» **Your instructions**:
Only the lines from the top of the data through the line with "#9=PRODUCT_DEFINITION_SHAPE('','',#8);" should be repeated, each exactly as written.

» **Records to use**:
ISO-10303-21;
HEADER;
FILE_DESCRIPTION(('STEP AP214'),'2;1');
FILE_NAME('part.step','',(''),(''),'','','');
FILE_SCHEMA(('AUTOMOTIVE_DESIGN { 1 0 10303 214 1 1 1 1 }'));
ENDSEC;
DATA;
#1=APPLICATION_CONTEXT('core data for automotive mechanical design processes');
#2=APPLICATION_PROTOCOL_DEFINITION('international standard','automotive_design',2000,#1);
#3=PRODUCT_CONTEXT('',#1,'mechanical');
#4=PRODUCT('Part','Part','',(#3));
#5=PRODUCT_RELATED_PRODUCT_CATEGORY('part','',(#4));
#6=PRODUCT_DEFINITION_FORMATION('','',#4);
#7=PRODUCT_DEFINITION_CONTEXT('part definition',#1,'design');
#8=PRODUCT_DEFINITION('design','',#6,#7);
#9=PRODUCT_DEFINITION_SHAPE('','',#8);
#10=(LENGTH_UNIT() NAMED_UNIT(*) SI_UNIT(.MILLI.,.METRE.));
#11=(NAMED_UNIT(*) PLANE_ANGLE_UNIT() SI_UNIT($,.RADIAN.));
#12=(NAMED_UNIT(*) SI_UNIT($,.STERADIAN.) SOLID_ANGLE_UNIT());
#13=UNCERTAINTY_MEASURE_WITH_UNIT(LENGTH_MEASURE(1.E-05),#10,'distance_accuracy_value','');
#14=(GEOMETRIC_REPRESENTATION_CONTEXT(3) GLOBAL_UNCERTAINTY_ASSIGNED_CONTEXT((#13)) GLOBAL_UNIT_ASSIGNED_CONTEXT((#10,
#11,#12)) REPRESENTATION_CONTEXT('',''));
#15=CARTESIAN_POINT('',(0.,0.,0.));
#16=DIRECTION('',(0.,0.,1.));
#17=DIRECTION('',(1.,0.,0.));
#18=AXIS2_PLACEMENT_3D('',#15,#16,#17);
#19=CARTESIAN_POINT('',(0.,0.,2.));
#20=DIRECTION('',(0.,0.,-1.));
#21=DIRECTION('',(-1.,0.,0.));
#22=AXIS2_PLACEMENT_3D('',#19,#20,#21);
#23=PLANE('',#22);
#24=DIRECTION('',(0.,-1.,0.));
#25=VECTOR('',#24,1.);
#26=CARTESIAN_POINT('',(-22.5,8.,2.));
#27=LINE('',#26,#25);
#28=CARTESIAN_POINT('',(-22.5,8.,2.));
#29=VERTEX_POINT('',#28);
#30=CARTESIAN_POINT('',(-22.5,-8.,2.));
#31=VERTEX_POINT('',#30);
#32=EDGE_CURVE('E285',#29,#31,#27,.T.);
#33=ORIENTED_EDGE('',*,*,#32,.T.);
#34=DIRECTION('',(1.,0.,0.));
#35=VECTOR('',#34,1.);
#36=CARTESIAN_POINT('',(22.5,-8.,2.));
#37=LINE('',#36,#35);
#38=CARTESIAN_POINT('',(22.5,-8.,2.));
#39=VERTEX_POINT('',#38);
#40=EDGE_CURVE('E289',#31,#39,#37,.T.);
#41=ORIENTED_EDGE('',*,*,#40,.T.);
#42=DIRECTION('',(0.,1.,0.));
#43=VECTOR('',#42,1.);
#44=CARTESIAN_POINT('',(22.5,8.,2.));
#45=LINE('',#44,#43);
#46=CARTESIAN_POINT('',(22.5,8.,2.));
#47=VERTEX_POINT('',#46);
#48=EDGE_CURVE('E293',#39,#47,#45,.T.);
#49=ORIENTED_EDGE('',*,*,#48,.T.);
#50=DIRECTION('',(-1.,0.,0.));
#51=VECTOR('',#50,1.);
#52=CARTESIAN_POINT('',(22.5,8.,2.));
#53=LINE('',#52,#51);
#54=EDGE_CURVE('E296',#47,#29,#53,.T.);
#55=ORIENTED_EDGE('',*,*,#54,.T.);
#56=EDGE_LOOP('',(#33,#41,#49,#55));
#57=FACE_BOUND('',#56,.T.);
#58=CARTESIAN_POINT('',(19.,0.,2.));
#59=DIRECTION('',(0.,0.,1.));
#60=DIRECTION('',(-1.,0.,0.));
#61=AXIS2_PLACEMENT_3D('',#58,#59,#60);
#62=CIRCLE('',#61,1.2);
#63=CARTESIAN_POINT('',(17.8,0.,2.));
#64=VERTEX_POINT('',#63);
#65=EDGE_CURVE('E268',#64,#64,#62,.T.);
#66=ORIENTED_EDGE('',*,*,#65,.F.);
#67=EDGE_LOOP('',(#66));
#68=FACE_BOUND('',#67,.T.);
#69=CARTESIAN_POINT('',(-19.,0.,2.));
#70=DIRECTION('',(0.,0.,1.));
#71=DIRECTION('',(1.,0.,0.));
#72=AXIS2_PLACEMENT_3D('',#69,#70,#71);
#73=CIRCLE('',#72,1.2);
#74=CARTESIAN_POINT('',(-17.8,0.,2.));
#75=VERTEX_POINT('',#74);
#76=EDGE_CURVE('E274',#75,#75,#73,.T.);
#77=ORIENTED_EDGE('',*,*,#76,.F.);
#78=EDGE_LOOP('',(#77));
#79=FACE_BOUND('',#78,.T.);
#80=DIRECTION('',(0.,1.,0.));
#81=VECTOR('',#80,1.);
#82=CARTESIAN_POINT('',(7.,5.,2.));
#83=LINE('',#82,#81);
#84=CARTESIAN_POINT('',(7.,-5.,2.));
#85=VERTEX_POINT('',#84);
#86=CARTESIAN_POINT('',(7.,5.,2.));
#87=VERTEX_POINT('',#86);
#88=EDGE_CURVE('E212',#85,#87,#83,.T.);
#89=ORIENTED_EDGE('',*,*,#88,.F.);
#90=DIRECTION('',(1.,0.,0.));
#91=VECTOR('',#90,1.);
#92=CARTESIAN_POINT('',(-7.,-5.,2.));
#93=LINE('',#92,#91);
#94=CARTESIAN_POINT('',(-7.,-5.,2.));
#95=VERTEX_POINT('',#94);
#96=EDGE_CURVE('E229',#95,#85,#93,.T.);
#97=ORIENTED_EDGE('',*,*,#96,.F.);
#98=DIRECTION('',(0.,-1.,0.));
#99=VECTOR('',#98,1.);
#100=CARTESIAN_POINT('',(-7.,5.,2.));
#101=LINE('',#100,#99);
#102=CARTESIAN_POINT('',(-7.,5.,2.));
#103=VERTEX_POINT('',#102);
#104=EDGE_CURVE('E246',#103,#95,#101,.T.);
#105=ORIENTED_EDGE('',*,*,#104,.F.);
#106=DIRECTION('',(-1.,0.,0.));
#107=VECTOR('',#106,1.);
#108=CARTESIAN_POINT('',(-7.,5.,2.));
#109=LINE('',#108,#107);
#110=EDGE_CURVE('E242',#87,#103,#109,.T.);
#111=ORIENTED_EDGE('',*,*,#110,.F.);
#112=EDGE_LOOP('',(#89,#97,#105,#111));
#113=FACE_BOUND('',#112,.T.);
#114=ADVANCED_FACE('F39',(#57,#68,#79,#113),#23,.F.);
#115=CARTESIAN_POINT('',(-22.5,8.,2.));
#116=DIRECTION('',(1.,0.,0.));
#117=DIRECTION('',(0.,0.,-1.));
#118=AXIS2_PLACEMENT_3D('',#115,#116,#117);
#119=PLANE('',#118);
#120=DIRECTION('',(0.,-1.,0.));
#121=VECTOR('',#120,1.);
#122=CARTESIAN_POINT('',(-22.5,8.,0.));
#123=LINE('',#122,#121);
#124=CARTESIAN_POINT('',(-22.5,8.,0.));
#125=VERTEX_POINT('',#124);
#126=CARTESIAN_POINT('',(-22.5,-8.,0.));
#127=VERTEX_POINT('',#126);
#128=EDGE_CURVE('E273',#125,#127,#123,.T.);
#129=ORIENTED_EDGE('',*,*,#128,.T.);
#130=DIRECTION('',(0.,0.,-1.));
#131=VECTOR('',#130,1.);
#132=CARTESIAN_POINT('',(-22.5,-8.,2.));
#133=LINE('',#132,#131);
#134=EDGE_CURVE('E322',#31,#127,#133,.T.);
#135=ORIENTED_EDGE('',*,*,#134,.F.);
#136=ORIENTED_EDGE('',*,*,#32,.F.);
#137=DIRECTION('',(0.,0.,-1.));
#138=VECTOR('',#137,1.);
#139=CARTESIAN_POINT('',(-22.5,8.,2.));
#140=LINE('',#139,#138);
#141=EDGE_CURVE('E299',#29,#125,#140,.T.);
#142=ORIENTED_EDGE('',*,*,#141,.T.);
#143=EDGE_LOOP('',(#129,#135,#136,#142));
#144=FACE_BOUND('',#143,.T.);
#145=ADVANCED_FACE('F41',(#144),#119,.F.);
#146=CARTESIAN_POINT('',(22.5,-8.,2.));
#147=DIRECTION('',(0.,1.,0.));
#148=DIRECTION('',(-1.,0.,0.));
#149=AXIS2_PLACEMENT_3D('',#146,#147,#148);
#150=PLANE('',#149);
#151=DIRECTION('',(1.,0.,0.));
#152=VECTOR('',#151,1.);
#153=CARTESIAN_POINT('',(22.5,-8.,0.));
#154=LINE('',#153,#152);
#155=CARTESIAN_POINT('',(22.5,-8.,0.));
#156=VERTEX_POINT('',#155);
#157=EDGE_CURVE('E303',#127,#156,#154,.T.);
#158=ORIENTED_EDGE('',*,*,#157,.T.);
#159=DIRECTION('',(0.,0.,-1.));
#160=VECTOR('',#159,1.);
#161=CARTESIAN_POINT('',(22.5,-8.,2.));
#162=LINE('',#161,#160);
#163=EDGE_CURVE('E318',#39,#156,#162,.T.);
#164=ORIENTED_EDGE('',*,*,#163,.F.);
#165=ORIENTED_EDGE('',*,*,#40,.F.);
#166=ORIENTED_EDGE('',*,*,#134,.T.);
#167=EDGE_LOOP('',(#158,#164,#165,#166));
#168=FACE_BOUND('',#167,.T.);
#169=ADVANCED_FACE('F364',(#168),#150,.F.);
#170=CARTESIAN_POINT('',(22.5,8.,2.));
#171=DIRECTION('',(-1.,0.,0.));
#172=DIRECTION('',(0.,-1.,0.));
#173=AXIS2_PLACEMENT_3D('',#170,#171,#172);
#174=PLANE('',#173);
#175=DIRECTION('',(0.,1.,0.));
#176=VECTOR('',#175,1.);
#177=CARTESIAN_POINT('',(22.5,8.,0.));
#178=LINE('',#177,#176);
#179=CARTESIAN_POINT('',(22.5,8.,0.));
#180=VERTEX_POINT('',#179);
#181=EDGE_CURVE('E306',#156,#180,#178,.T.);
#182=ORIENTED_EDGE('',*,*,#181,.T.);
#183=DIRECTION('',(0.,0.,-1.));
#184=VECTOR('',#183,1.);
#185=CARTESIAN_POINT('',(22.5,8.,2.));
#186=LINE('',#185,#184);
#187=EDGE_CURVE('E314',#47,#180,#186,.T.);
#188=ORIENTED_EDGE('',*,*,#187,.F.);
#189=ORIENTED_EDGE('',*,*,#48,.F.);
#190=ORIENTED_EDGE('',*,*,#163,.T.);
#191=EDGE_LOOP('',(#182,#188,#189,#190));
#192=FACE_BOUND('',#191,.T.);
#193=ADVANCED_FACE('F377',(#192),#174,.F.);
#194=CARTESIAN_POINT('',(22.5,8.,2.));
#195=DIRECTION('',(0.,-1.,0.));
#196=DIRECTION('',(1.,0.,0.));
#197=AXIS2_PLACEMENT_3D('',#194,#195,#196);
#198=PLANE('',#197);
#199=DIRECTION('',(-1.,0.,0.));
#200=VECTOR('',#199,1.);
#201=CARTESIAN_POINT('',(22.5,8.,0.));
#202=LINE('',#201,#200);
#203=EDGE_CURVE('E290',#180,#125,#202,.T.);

» **Result of this exercise**:
ISO-10303-21;
HEADER;
FILE_DESCRIPTION(('STEP AP214'),'2;1');
FILE_NAME('part.step','',(''),(''),'','','');
FILE_SCHEMA(('AUTOMOTIVE_DESIGN { 1 0 10303 214 1 1 1 1 }'));
ENDSEC;
DATA;
#1=APPLICATION_CONTEXT('core data for automotive mechanical design processes');
#2=APPLICATION_PROTOCOL_DEFINITION('international standard','automotive_design',2000,#1);
#3=PRODUCT_CONTEXT('',#1,'mechanical');
#4=PRODUCT('Part','Part','',(#3));
#5=PRODUCT_RELATED_PRODUCT_CATEGORY('part','',(#4));
#6=PRODUCT_DEFINITION_FORMATION('','',#4);
#7=PRODUCT_DEFINITION_CONTEXT('part definition',#1,'design');
#8=PRODUCT_DEFINITION('design','',#6,#7);
#9=PRODUCT_DEFINITION_SHAPE('','',#8);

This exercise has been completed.